### What to work on
In the listing below, find the line containing "Demux4/2 -> Gain1/1" and the line containing "Initial State : Constant". Repeat exactly those two lines and every line between them.

### Data to examine

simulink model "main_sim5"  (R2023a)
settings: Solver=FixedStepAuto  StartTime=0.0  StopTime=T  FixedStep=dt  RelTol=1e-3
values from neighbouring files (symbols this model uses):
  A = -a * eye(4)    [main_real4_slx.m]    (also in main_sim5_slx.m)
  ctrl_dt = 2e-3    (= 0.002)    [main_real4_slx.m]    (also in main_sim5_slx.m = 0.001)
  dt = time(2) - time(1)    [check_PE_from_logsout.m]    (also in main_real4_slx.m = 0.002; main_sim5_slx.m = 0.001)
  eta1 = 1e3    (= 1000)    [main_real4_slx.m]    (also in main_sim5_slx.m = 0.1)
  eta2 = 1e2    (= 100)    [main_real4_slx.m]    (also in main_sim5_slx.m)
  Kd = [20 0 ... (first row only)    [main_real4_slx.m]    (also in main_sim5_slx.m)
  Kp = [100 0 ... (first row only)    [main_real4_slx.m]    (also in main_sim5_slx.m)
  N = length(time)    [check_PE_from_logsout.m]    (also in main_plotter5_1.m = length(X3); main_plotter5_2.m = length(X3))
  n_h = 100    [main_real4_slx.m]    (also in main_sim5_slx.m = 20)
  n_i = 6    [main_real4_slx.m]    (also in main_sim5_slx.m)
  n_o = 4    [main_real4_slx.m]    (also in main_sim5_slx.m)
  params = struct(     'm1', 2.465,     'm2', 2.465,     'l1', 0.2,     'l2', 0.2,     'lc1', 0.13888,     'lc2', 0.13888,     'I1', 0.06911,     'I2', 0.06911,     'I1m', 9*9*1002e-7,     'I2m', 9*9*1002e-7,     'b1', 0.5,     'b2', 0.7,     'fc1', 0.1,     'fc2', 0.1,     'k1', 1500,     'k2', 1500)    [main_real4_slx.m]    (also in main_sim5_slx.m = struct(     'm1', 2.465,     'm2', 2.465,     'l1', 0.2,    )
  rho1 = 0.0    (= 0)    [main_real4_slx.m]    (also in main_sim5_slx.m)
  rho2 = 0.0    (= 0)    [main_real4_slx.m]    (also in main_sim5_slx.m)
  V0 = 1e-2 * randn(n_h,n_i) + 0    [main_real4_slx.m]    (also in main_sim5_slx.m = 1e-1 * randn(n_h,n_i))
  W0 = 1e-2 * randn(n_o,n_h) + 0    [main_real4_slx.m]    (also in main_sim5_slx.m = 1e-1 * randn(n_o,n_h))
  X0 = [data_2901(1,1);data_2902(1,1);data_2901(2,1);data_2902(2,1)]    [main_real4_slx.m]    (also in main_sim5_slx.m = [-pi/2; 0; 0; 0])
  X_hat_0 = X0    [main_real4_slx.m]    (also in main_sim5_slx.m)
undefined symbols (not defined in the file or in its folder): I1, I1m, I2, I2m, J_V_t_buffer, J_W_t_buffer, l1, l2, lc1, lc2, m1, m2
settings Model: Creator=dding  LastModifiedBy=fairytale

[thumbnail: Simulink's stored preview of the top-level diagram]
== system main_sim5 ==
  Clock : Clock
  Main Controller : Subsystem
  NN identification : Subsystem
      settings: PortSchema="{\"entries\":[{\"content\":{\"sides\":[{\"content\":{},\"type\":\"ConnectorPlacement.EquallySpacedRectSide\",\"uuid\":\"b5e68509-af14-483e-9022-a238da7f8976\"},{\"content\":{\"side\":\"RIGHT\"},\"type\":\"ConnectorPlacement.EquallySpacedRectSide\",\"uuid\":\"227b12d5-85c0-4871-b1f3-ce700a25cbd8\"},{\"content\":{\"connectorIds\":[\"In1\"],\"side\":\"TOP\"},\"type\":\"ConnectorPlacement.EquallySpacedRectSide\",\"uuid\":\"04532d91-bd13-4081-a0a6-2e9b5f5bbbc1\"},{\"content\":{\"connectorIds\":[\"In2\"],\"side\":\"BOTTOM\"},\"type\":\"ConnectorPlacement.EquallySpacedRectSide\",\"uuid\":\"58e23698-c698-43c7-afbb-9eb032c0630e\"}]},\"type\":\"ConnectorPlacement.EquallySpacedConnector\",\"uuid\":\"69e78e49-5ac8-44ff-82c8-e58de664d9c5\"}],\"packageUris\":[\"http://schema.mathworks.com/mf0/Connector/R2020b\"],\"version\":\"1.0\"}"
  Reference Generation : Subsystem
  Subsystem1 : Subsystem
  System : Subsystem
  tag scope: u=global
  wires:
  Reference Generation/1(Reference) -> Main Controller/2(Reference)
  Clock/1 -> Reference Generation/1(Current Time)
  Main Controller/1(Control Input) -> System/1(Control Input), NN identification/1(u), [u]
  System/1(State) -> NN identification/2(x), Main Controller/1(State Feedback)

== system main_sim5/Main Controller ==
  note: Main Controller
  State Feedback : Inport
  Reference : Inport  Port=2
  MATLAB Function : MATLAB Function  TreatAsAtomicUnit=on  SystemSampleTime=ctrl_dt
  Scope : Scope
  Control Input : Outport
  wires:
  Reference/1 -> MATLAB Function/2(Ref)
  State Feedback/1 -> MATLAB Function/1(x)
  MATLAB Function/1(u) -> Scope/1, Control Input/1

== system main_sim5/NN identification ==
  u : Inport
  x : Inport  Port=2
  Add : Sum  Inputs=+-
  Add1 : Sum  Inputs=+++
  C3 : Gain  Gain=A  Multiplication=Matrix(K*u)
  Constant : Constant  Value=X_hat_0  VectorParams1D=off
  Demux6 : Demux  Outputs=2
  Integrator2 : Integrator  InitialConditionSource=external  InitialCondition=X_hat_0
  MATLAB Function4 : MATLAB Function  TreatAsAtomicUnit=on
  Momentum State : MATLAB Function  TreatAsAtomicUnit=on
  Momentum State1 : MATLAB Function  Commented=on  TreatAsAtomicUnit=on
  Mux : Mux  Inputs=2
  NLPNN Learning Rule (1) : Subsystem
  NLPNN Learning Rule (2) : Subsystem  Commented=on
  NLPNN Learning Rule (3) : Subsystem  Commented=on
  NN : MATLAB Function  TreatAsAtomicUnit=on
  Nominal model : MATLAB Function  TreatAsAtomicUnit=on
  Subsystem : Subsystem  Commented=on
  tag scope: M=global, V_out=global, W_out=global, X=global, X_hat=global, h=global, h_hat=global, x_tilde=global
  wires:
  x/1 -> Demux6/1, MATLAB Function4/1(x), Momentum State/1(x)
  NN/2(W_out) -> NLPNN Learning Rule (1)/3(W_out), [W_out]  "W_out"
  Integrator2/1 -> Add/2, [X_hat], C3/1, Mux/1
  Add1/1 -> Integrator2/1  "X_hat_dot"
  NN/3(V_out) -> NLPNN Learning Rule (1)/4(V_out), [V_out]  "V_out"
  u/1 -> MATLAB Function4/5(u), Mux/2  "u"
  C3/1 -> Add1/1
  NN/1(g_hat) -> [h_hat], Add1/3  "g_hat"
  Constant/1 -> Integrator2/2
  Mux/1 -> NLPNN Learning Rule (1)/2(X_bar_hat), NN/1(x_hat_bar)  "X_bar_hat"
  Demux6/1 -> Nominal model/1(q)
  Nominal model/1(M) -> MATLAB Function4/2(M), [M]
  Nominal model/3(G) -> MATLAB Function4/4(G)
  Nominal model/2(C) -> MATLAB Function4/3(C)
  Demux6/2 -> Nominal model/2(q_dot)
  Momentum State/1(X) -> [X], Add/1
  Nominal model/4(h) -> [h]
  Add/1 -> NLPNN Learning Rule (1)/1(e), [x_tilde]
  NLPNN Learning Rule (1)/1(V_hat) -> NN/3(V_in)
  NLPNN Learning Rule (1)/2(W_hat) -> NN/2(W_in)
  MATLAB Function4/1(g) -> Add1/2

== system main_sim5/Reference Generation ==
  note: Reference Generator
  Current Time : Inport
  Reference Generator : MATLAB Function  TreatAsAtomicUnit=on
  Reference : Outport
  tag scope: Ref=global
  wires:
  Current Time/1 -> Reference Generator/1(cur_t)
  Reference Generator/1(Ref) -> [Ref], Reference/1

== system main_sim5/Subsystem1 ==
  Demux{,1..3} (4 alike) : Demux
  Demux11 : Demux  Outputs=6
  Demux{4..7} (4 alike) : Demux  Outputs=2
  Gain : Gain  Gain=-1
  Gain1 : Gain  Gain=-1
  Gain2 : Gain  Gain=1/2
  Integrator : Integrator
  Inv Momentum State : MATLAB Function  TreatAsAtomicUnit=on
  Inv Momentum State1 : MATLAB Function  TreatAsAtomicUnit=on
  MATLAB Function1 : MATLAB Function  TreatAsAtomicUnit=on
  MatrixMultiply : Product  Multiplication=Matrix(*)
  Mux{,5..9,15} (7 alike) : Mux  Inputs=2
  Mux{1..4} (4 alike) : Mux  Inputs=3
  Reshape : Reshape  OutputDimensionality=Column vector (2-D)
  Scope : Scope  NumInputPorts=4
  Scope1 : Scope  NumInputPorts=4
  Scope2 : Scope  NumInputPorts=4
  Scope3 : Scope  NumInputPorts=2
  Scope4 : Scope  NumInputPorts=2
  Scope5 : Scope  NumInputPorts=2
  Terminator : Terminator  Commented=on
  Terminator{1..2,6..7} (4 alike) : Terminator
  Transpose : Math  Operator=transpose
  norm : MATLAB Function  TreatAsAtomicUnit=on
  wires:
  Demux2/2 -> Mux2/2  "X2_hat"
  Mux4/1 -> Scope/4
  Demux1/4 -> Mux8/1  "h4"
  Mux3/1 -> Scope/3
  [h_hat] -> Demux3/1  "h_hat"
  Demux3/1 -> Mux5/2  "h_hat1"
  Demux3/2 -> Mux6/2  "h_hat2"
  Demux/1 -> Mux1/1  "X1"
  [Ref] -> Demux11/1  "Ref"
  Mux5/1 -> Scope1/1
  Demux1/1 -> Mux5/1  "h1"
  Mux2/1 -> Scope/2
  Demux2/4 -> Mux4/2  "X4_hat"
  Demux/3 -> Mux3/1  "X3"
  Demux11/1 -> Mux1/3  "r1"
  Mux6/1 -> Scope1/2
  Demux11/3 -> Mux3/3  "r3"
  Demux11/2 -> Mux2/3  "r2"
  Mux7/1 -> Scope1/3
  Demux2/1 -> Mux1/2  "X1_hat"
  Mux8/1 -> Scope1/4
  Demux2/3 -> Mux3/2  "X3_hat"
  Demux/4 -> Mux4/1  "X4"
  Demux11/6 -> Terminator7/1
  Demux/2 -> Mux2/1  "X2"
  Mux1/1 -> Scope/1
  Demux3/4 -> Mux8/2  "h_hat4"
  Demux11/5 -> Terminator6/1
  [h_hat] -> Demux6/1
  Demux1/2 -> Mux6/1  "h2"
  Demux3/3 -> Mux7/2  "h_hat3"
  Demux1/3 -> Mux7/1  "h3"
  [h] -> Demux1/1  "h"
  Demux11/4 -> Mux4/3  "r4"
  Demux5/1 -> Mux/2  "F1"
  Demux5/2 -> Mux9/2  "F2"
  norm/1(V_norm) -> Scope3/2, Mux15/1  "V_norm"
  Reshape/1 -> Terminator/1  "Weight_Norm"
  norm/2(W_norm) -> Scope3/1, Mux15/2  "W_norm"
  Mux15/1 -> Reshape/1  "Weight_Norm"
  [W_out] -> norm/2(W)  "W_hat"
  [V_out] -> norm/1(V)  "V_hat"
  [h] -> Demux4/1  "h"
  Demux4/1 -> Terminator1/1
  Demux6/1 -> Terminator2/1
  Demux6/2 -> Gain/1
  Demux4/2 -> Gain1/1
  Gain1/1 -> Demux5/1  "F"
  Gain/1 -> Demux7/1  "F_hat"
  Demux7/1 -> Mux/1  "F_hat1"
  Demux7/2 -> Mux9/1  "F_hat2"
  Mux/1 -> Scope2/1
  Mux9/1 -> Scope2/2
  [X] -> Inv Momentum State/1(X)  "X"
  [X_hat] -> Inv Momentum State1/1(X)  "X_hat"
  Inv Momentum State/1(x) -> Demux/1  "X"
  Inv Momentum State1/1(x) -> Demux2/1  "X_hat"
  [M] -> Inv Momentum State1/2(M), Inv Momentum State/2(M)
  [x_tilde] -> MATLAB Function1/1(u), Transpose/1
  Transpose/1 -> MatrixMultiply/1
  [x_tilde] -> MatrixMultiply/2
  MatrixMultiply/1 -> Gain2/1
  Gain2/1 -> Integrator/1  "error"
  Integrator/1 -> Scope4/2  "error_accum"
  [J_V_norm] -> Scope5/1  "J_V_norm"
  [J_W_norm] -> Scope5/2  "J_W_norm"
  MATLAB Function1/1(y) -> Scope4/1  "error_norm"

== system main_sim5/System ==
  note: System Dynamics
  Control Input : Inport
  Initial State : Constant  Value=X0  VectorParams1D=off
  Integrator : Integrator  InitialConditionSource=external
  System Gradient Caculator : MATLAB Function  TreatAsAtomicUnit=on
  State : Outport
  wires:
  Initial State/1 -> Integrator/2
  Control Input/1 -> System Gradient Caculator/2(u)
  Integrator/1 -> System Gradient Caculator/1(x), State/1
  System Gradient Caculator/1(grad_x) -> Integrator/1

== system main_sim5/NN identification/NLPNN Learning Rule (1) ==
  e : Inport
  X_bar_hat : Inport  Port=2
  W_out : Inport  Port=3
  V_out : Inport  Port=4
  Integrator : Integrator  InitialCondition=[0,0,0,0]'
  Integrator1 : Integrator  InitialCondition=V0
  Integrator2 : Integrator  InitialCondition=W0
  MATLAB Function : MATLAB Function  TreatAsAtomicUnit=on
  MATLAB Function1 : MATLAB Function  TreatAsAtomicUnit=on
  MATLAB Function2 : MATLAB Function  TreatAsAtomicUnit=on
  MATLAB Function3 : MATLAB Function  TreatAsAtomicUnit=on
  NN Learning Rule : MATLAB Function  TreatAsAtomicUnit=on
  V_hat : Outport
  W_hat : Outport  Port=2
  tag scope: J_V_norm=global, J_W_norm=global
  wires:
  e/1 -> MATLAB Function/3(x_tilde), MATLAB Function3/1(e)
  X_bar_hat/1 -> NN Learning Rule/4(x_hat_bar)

### Expected answer
  Demux4/2 -> Gain1/1
  Gain1/1 -> Demux5/1  "F"
  Gain/1 -> Demux7/1  "F_hat"
  Demux7/1 -> Mux/1  "F_hat1"
  Demux7/2 -> Mux9/1  "F_hat2"
  Mux/1 -> Scope2/1
  Mux9/1 -> Scope2/2
  [X] -> Inv Momentum State/1(X)  "X"
  [X_hat] -> Inv Momentum State1/1(X)  "X_hat"
  Inv Momentum State/1(x) -> Demux/1  "X"
  Inv Momentum State1/1(x) -> Demux2/1  "X_hat"
  [M] -> Inv Momentum State1/2(M), Inv Momentum State/2(M)
  [x_tilde] -> MATLAB Function1/1(u), Transpose/1
  Transpose/1 -> MatrixMultiply/1
  [x_tilde] -> MatrixMultiply/2
  MatrixMultiply/1 -> Gain2/1
  Gain2/1 -> Integrator/1  "error"
  Integrator/1 -> Scope4/2  "error_accum"
  [J_V_norm] -> Scope5/1  "J_V_norm"
  [J_W_norm] -> Scope5/2  "J_W_norm"
  MATLAB Function1/1(y) -> Scope4/1  "error_norm"

== system main_sim5/System ==
  note: System Dynamics
  Control Input : Inport
  Initial State : Constant  Value=X0  VectorParams1D=off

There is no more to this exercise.